By Agustin Waisman*
Argentina is a member of the United Nations, and has committed itself to achieving the 17 economic, social and environmental goals set by the UN’s Agenda 2030 for Sustainable Development.1 These goals include actions to mitigate the effect of climate change and global warming (goal #13); the creation of sustainable cities with lower environmental impact (goal #11); the creation of renewable and sustainable energy sources (goal #7); and the creation of sustainable industry and the promotion of innovation (goal #9), among others.
In many cases, the adoption of sustainable inputs, processes, or materials involves considerable risks, or requires relevant investment. A switch to “green” components or “clean” processes often implies buying more expensive inputs, adopting costly manufacturing technologies, or resigning margins. Persuading consumers to buy sustainable (though perhaps more expensive) products may also require additional investment. These risks and costs are aggravated by a dilemma referred to as the “first mover disadvantage”.2 In short, this means that the adoption of sustainable products or services by a company may place it at a competitive disadvantage vis-à-vis competitors that use or sell non-sustainable products. For example, a food producer that wishes to adopt sustainable processes or inputs will probably face higher costs than their competitors and knows that he or she will have to charge higher prices. When he or she considers that most consumers will choose cheaper products over sustainable products, the producer may be discouraged from “going green”. This problem creates disincentives to the adoption of sustainable inputs, processes, or materials.
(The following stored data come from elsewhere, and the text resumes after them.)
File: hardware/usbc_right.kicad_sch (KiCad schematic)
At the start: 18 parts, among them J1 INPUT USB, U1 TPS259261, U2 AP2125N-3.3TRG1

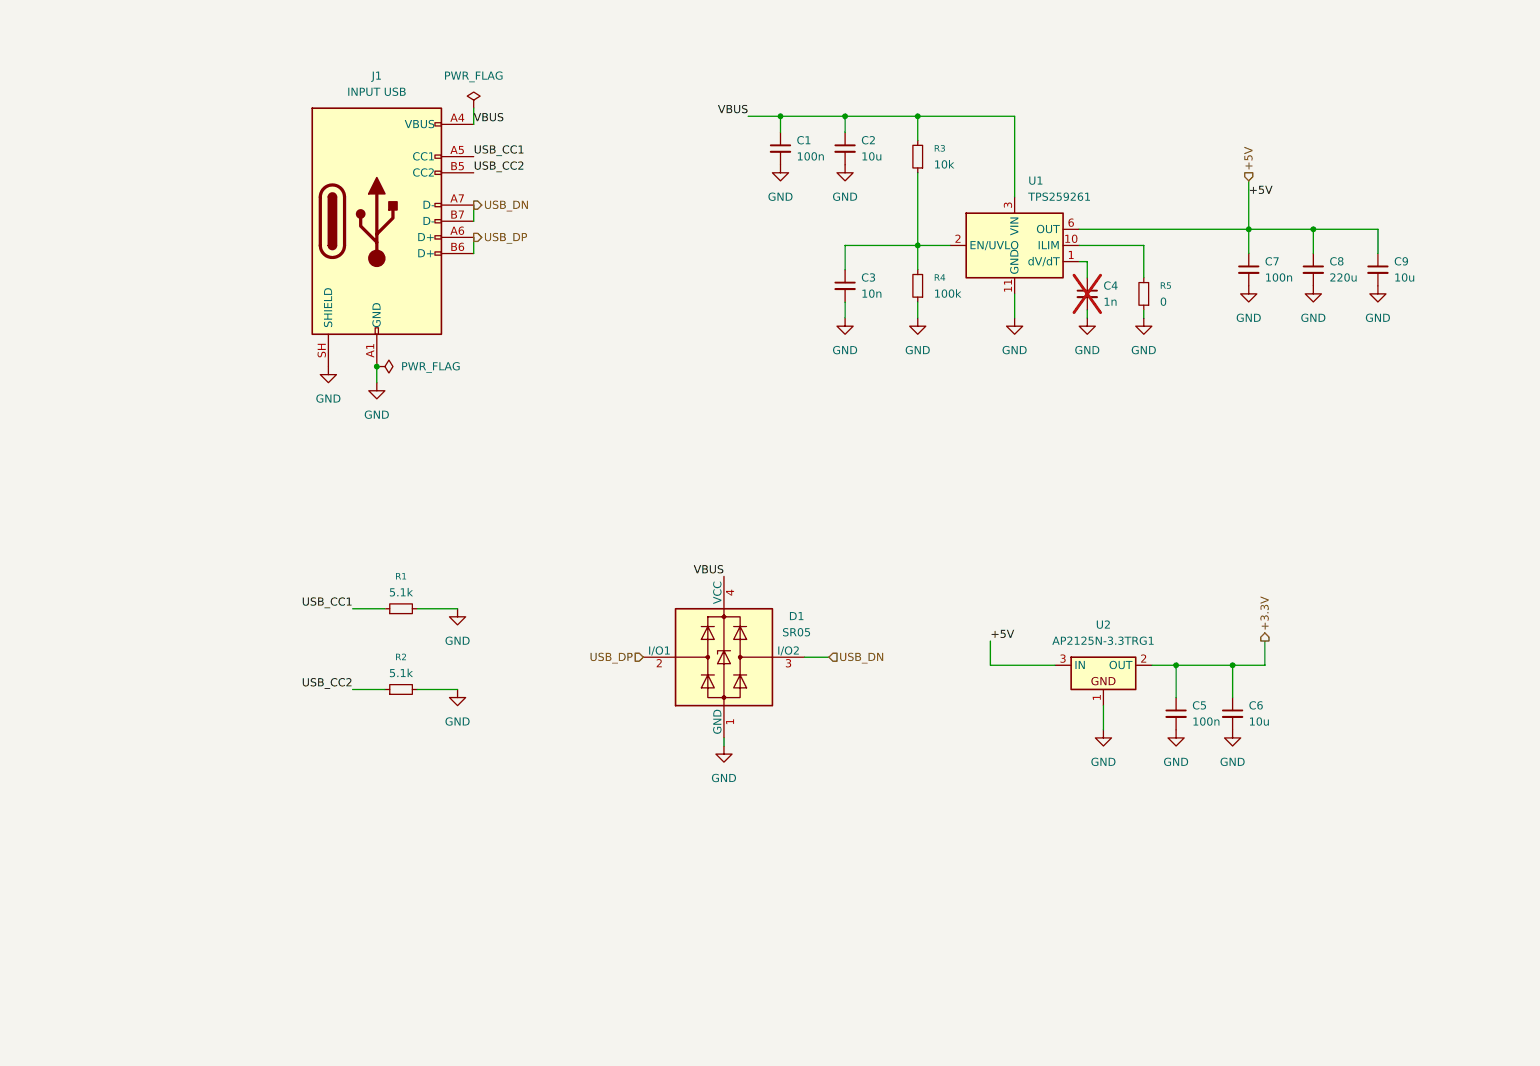
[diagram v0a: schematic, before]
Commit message: separate left/right part design, schematic
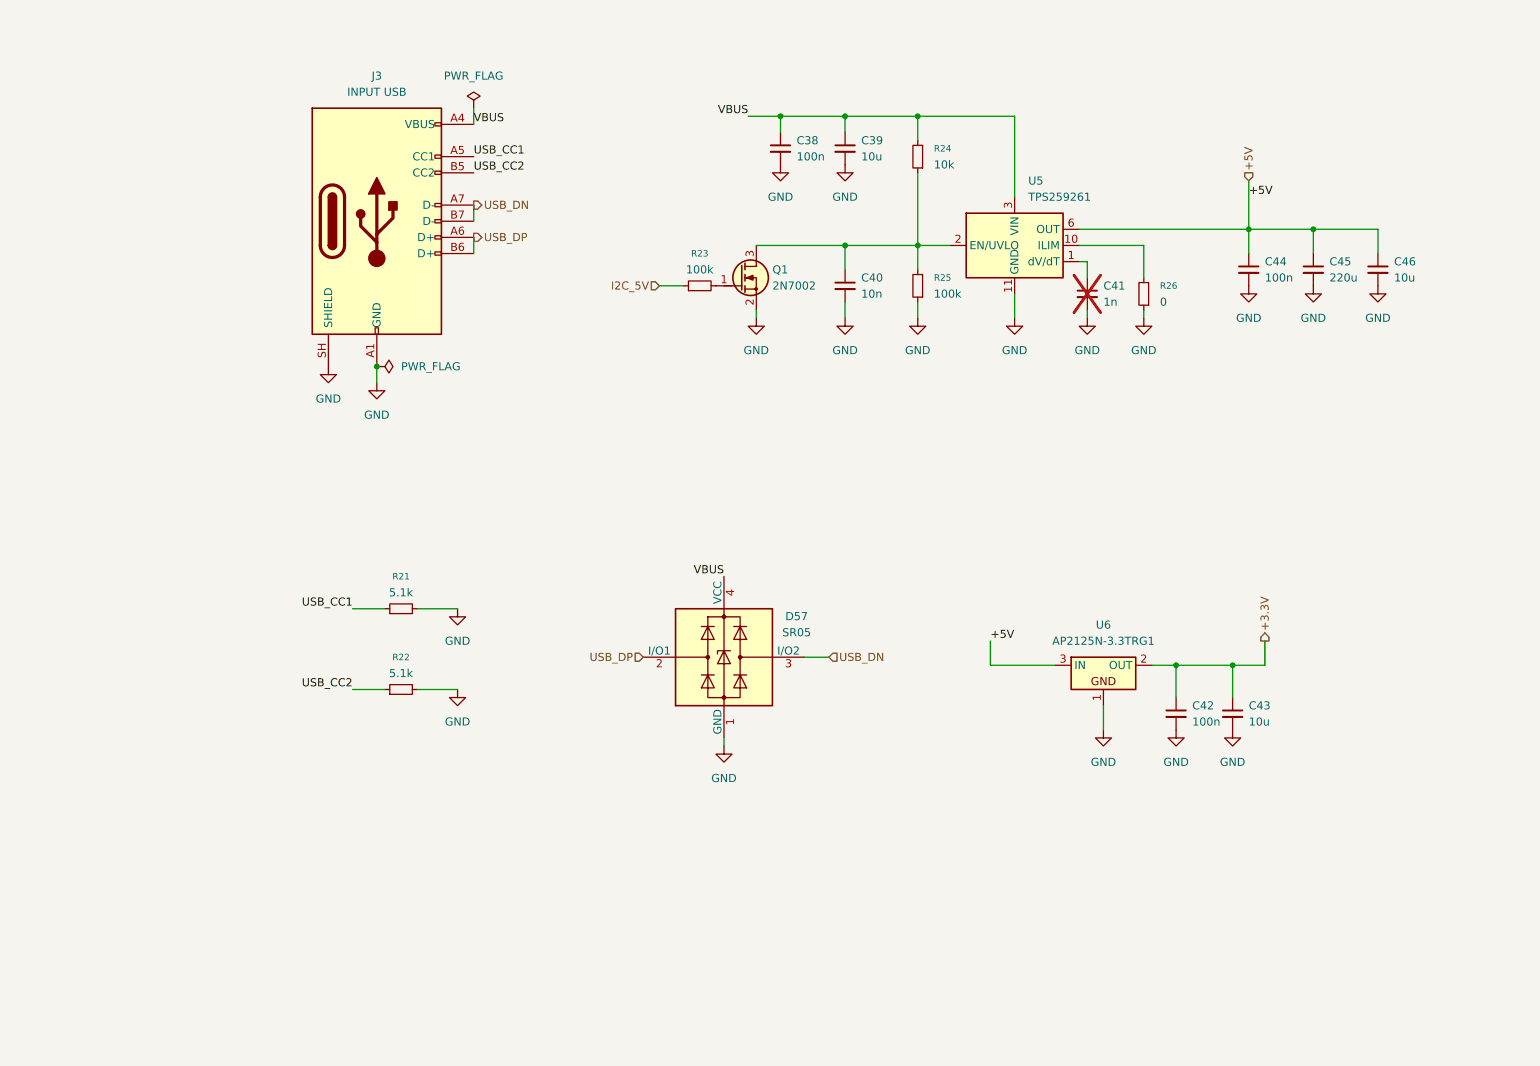
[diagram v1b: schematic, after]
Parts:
- removed C1, C5, C7: 100n, PCM_Capacitor_SMD_AKL:C_0603_1608Metric_Pad1.05x0.95mm_HandSolder, symbol Device:C_Small
- removed C2: 10u, PCM_Capacitor_SMD_AKL:C_0603_1608Metric_Pad1.05x0.95mm_HandSolder, symbol Device:C_Small
- removed C3: 10n, PCM_Capacitor_SMD_AKL:C_0603_1608Metric_Pad1.05x0.95mm_HandSolder, symbol Device:C_Small
- removed C4: 1n, PCM_Capacitor_SMD_AKL:C_0603_1608Metric_Pad1.05x0.95mm_HandSolder, symbol Device:C_Small
- removed C6, C9: 10u, PCM_Capacitor_SMD_AKL:C_0805_2012Metric_Pad1.15x1.40mm_HandSolder, symbol Device:C_Small
- removed C8: 220u, PCM_Capacitor_SMD_AKL:C_1210_3225Metric_Pad1.33x2.70mm_HandSolder, symbol Device:C_Small
- removed D1: SR05, Package_TO_SOT_SMD:SOT-143, symbol Power_Protection:PRTR5V0U2X
- removed J1: INPUT USB, Connector_USB:USB_C_Receptacle_GCT_USB4105-xx-A_16P_TopMnt_Horizontal, symbol Connector:USB_C_Receptacle_USB2.0_14P
- removed R1, R2: 5.1k, PCM_Resistor_SMD_AKL:R_0603_1608Metric_Pad0.98x0.95mm_HandSolder, symbol Device:R_Small
- removed R3: 10k, PCM_Resistor_SMD_AKL:R_0603_1608Metric, symbol Device:R_Small
- removed R4: 100k, PCM_Resistor_SMD_AKL:R_0603_1608Metric, symbol Device:R_Small
- removed R5: 0, PCM_Resistor_SMD_AKL:R_0603_1608Metric_Pad0.98x0.95mm_HandSolder, symbol Device:R_Small
- removed U1: TPS259261, Package_SON:VSON-10-1EP_3x3mm_P0.5mm_EP1.65x2.4mm_ThermalVias, symbol Power_Management:TPS2592xx
- removed U2: AP2125N-3.3TRG1, PCM_Package_TO_SOT_SMD_AKL:SOT-23, symbol PCM_Voltage_Regulator_AKL:AP2125N-3.3TRG1
- added C38, C42, C44: 100n, PCM_Capacitor_SMD_AKL:C_0603_1608Metric_Pad1.05x0.95mm_HandSolder, symbol Device:C_Small
- added C39: 10u, PCM_Capacitor_SMD_AKL:C_0603_1608Metric_Pad1.05x0.95mm_HandSolder, symbol Device:C_Small
- added C40: 10n, PCM_Capacitor_SMD_AKL:C_0603_1608Metric_Pad1.05x0.95mm_HandSolder, symbol Device:C_Small
- added C41: 1n, PCM_Capacitor_SMD_AKL:C_0603_1608Metric_Pad1.05x0.95mm_HandSolder, symbol Device:C_Small
- added C43, C46: 10u, PCM_Capacitor_SMD_AKL:C_0805_2012Metric_Pad1.15x1.40mm_HandSolder, symbol Device:C_Small
- added C45: 220u, PCM_Capacitor_SMD_AKL:C_1210_3225Metric_Pad1.33x2.70mm_HandSolder, symbol Device:C_Small
- added D57: SR05, Package_TO_SOT_SMD:SOT-143, symbol Power_Protection:PRTR5V0U2X
- added J3: INPUT USB, Connector_USB:USB_C_Receptacle_GCT_USB4105-xx-A_16P_TopMnt_Horizontal, symbol Connector:USB_C_Receptacle_USB2.0_14P
- added Q1: 2N7002, PCM_Package_TO_SOT_SMD_AKL:SOT-23, symbol PCM_Transistor_MOSFET_AKL:2N7002K
- added R21, R22: 5.1k, PCM_Resistor_SMD_AKL:R_0603_1608Metric_Pad0.98x0.95mm_HandSolder, symbol Device:R_Small
- added R23: 100k, PCM_Resistor_SMD_AKL:R_0805_2012Metric_Pad1.15x1.40mm_HandSolder, symbol Device:R_Small
- added R24: 10k, PCM_Resistor_SMD_AKL:R_0603_1608Metric, symbol Device:R_Small
- added R25: 100k, PCM_Resistor_SMD_AKL:R_0603_1608Metric, symbol Device:R_Small
- added R26: 0, PCM_Resistor_SMD_AKL:R_0603_1608Metric_Pad0.98x0.95mm_HandSolder, symbol Device:R_Small
- added U5: TPS259261, Package_SON:VSON-10-1EP_3x3mm_P0.5mm_EP1.65x2.4mm_ThermalVias, symbol Power_Management:TPS2592xx
- added U6: AP2125N-3.3TRG1, PCM_Package_TO_SOT_SMD_AKL:SOT-23, symbol PCM_Voltage_Regulator_AKL:AP2125N-3.3TRG1
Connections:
- net +3.3V: now also C42.1, C43.1, U6.2 (OUT)
- net +5V: now also C44.1, C45.1, C46.1, U5.6 (OUT), U5.7 (OUT), U5.8 (OUT), U6.3 (IN)
- net GND: now also C38.2, C39.2, C40.2, C41.2, C42.2, C43.2, C44.2, C45.2, C46.2, D57.1 (GND), J3.A1 (GND), J3.A12 (GND), J3.B1 (GND), J3.B12 (GND), J3.SH (SHIELD), Q1.2 (S), R21.2, R22.2, R25.1, R26.1, U5.11 (GND), U6.1
- net USB_CC1: now also J3.A5 (CC1), R21.1
- net USB_CC2: now also J3.B5 (CC2), R22.1
- net USB_DN: now also D57.3 (I/O2), J3.A7 (D-), J3.B7 (D-)
- net USB_DP: now also D57.2 (I/O1), J3.A6 (D+), J3.B6 (D+)
- net VBUS: now also C38.1, C39.1, D57.4 (VCC), J3.A4 (VBUS), J3.A9 (VBUS), J3.B4 (VBUS), J3.B9 (VBUS), R24.2, U5.3 (VIN), U5.4 (VIN), U5.5 (VIN)
- new net: C40.1, Q1.3 (D), R24.1, R25.2, U5.2 (EN/UVLO)
- new net: R26.2, U5.10 (ILIM)
- new net: C41.1, U5.1 (dV/dT)
- new net: Q1.1 (G), R23.2
- new net I2C_5V: R23.1

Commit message: encoder to schematic
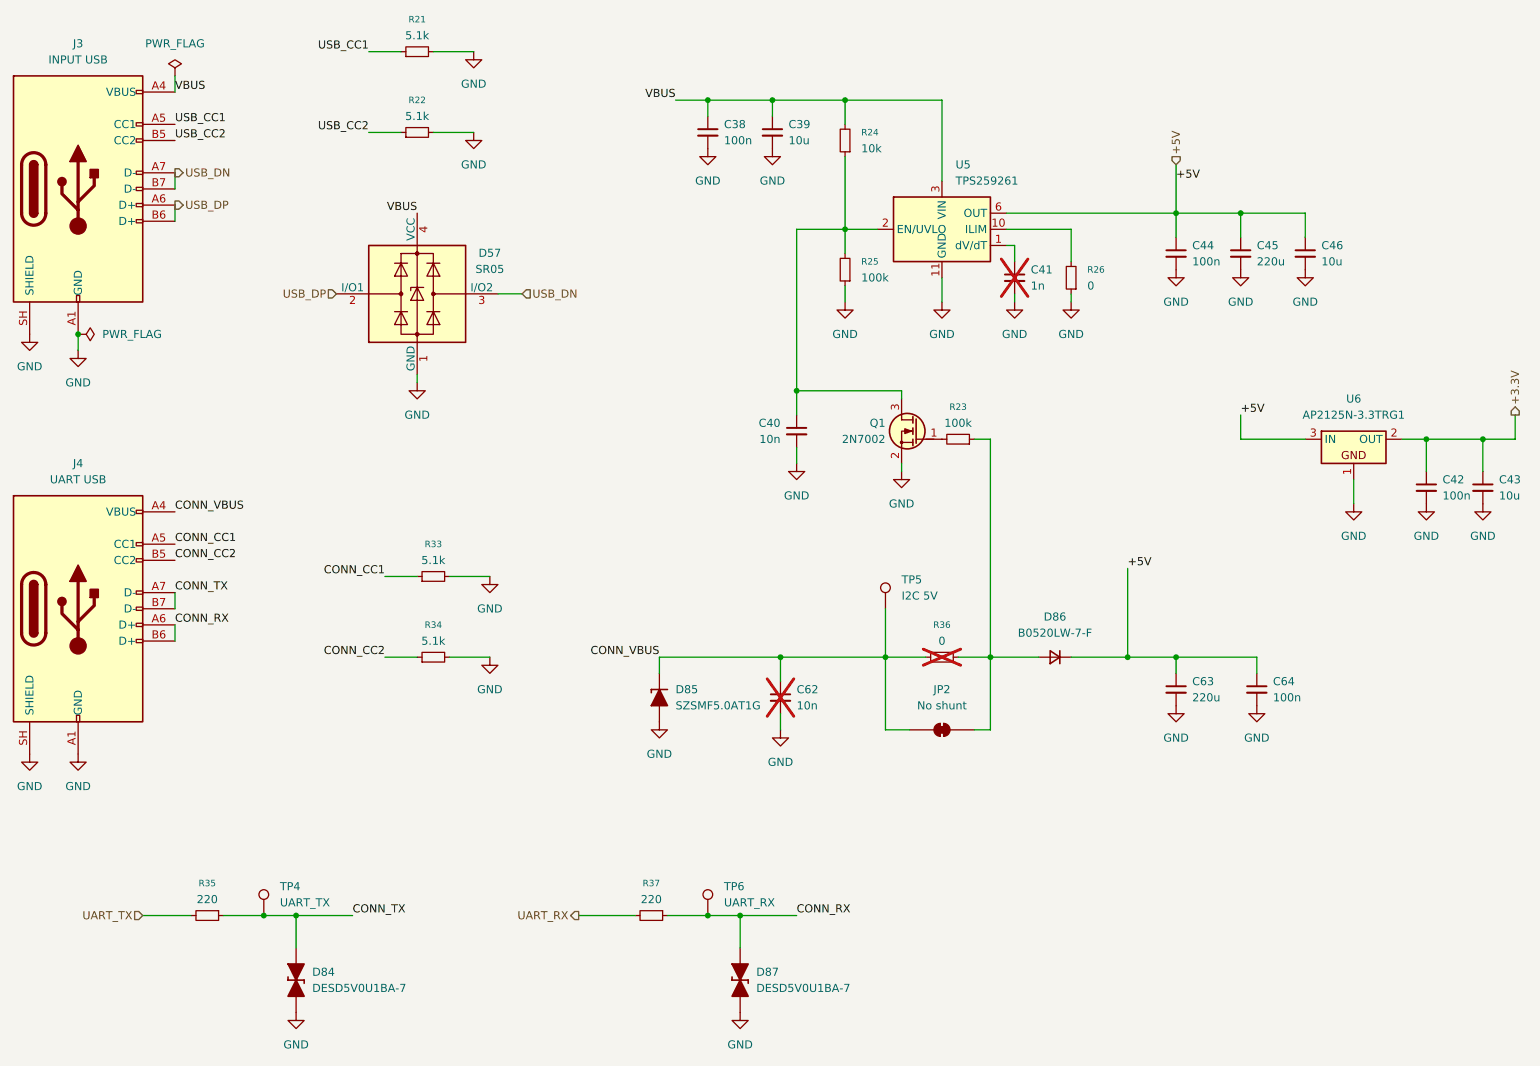
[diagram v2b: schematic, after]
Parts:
- added C62: 10n, PCM_Capacitor_SMD_AKL:C_0603_1608Metric_Pad1.05x0.95mm_HandSolder, symbol Device:C_Small
- added C63: 220u, PCM_Capacitor_SMD_AKL:C_1210_3225Metric_Pad1.33x2.70mm_HandSolder, symbol Device:C_Small
- added C64: 100n, PCM_Capacitor_SMD_AKL:C_0603_1608Metric, symbol Device:C_Small
- added D84, D87: DESD5V0U1BA-7, PCM_Diode_SMD_AKL:D_SOD-323_HandSoldering, symbol PCM_Diode_TVS_AKL:D_TVS_Bidirectional_Generic
- added D85: SZSMF5.0AT1G, PCM_Diode_SMD_Handsoldering_AKL:D_SOD-123_TVS, symbol PCM_Diode_TVS_AKL:D_TVS_Unidirectional_Generic
- added D86: B0520LW-7-F, PCM_Diode_SMD_AKL:D_SOD-123, symbol Device:D_Small
- added J4: UART USB, Connector_USB:USB_C_Receptacle_GCT_USB4105-xx-A_16P_TopMnt_Horizontal, symbol Connector:USB_C_Receptacle_USB2.0_14P
- added JP2: No shunt, Jumper:SolderJumper-2_P1.3mm_Bridged_RoundedPad1.0x1.5mm, symbol Jumper:SolderJumper_2_Bridged
- added R33, R34: 5.1k, PCM_Resistor_SMD_AKL:R_0603_1608Metric_Pad0.98x0.95mm_HandSolder, symbol Device:R_Small
- added R35, R37: 220, PCM_Resistor_SMD_AKL:R_0603_1608Metric_Pad0.98x0.95mm_HandSolder, symbol Device:R_Small
- added R36: 0, PCM_Resistor_SMD_AKL:R_1206_3216Metric_Pad1.30x1.75mm_HandSolder, symbol Device:R_Small
- added TP4: UART_TX, TestPoint:TestPoint_Pad_D2.0mm, symbol Connector:TestPoint
- added TP5: I2C 5V, TestPoint:TestPoint_Pad_D2.0mm, symbol Connector:TestPoint
- added TP6: UART_RX, TestPoint:TestPoint_Pad_D2.0mm, symbol Connector:TestPoint
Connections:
- net +5V: now also C63.1, C64.1, D86.1 (K)
- net GND: now also C62.2, C63.2, C64.2, D84.1 (K), D85.2 (A), D87.1 (K), J4.A1 (GND), J4.A12 (GND), J4.B1 (GND), J4.B12 (GND), J4.SH (SHIELD), R33.2, R34.2
- net I2C_5V: no longer names the net of R23.1
- net I2C_5V: now also D86.2 (A), JP2.2 (B), R36.1
- new net CONN_CC1: J4.A5 (CC1), R33.1
- new net CONN_CC2: J4.B5 (CC2), R34.1
- new net CONN_RX: D87.2 (A), J4.A6 (D+), J4.B6 (D+), R37.1, TP6.1
- new net CONN_TX: D84.2 (A), J4.A7 (D-), J4.B7 (D-), R35.1, TP4.1
- new net CONN_VBUS: C62.1, D85.1 (K), J4.A4 (VBUS), J4.A9 (VBUS), J4.B4 (VBUS), J4.B9 (VBUS), JP2.1 (A), R36.2, TP5.1
- new net UART_RX: R37.2
- new net UART_TX: R35.2
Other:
- moved on the sheet: C38, C39, C41, C42, C43, C44, C45, C46, D57, J3, Q1, R21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

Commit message: electronics
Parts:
- removed C63: 220u, PCM_Capacitor_SMD_AKL:C_1210_3225Metric_Pad1.33x2.70mm_HandSolder, symbol Device:C_Small
- removed C64: 100n, PCM_Capacitor_SMD_AKL:C_0603_1608Metric, symbol Device:C_Small
- C38: footprint PCM_Capacitor_SMD_AKL:C_0603_1608Metric_Pad1.05x0.95mm_HandSolder -> PCM_Capacitor_SMD_Handsoldering_AKL:C_0603_1608Metric; Distributor Link 3 (none) -> https://www.hestore.hu/prod_10033461.html
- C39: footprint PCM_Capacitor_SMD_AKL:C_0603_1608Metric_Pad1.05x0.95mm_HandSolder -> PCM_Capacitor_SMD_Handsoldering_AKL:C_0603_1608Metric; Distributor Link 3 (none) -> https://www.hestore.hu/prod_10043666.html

However, cooperation amongst competitors may help counter these disincentives: if several companies agree to modify their inputs, products, or processes to reach sustainability goals, no individual player is placed at a disadvantage. Coordination also allows competitors to share the costs and risks involved in sustainability projects whose results may yet be untested (e.g. the creation of less polluting or energy consuming products or materials).
Cooperation amongst competitors, however, is the main foe for competition enforcers. And legal uncertainty –particularly when related to antitrust– is the main foe for sustainability agreements: the mere fear of being investigated by antitrust enforcers may discourage companies from adopting joint sustainability efforts.
As with regulations in other jurisdictions, under Argentina’s competition law N° 27.442 (“ACL”) there may be some uncertainty regarding whether certain sustainability initiatives, particularly those involving agreements between competitors, may amount to competition law infringements. Furthermore, under Article 2 of the ACL, certain agreements between competitors are presumed to be illegal.3
For example, an agreement to stop using polluting inputs (ranging from packaging materials to certain kinds of fertilizers or energy) in the manufacturing processes of various products, or an agreement to stop commercializing specific polluting products, may indirectly impact the prices of those products or of competing products, and in certain settings also limit consumer choice to a larger or lesser extent. Some of these agreements might fall under Article 1 of the ACL -prohibiting any conduct that might have the purpose or effect of affecting or distorting competition. In some scenarios, an agreement to modify the features of certain products (for example to reduce the fat or salt content of foods, or to stop using specific ingredients) may also impact competition, since it may be considered to reduce the quality or differentiation of products. Furthermore, such agreements might also result in B2B boycotts of suppliers of inputs that have certain features, which may also lead to an infringement of the ACL.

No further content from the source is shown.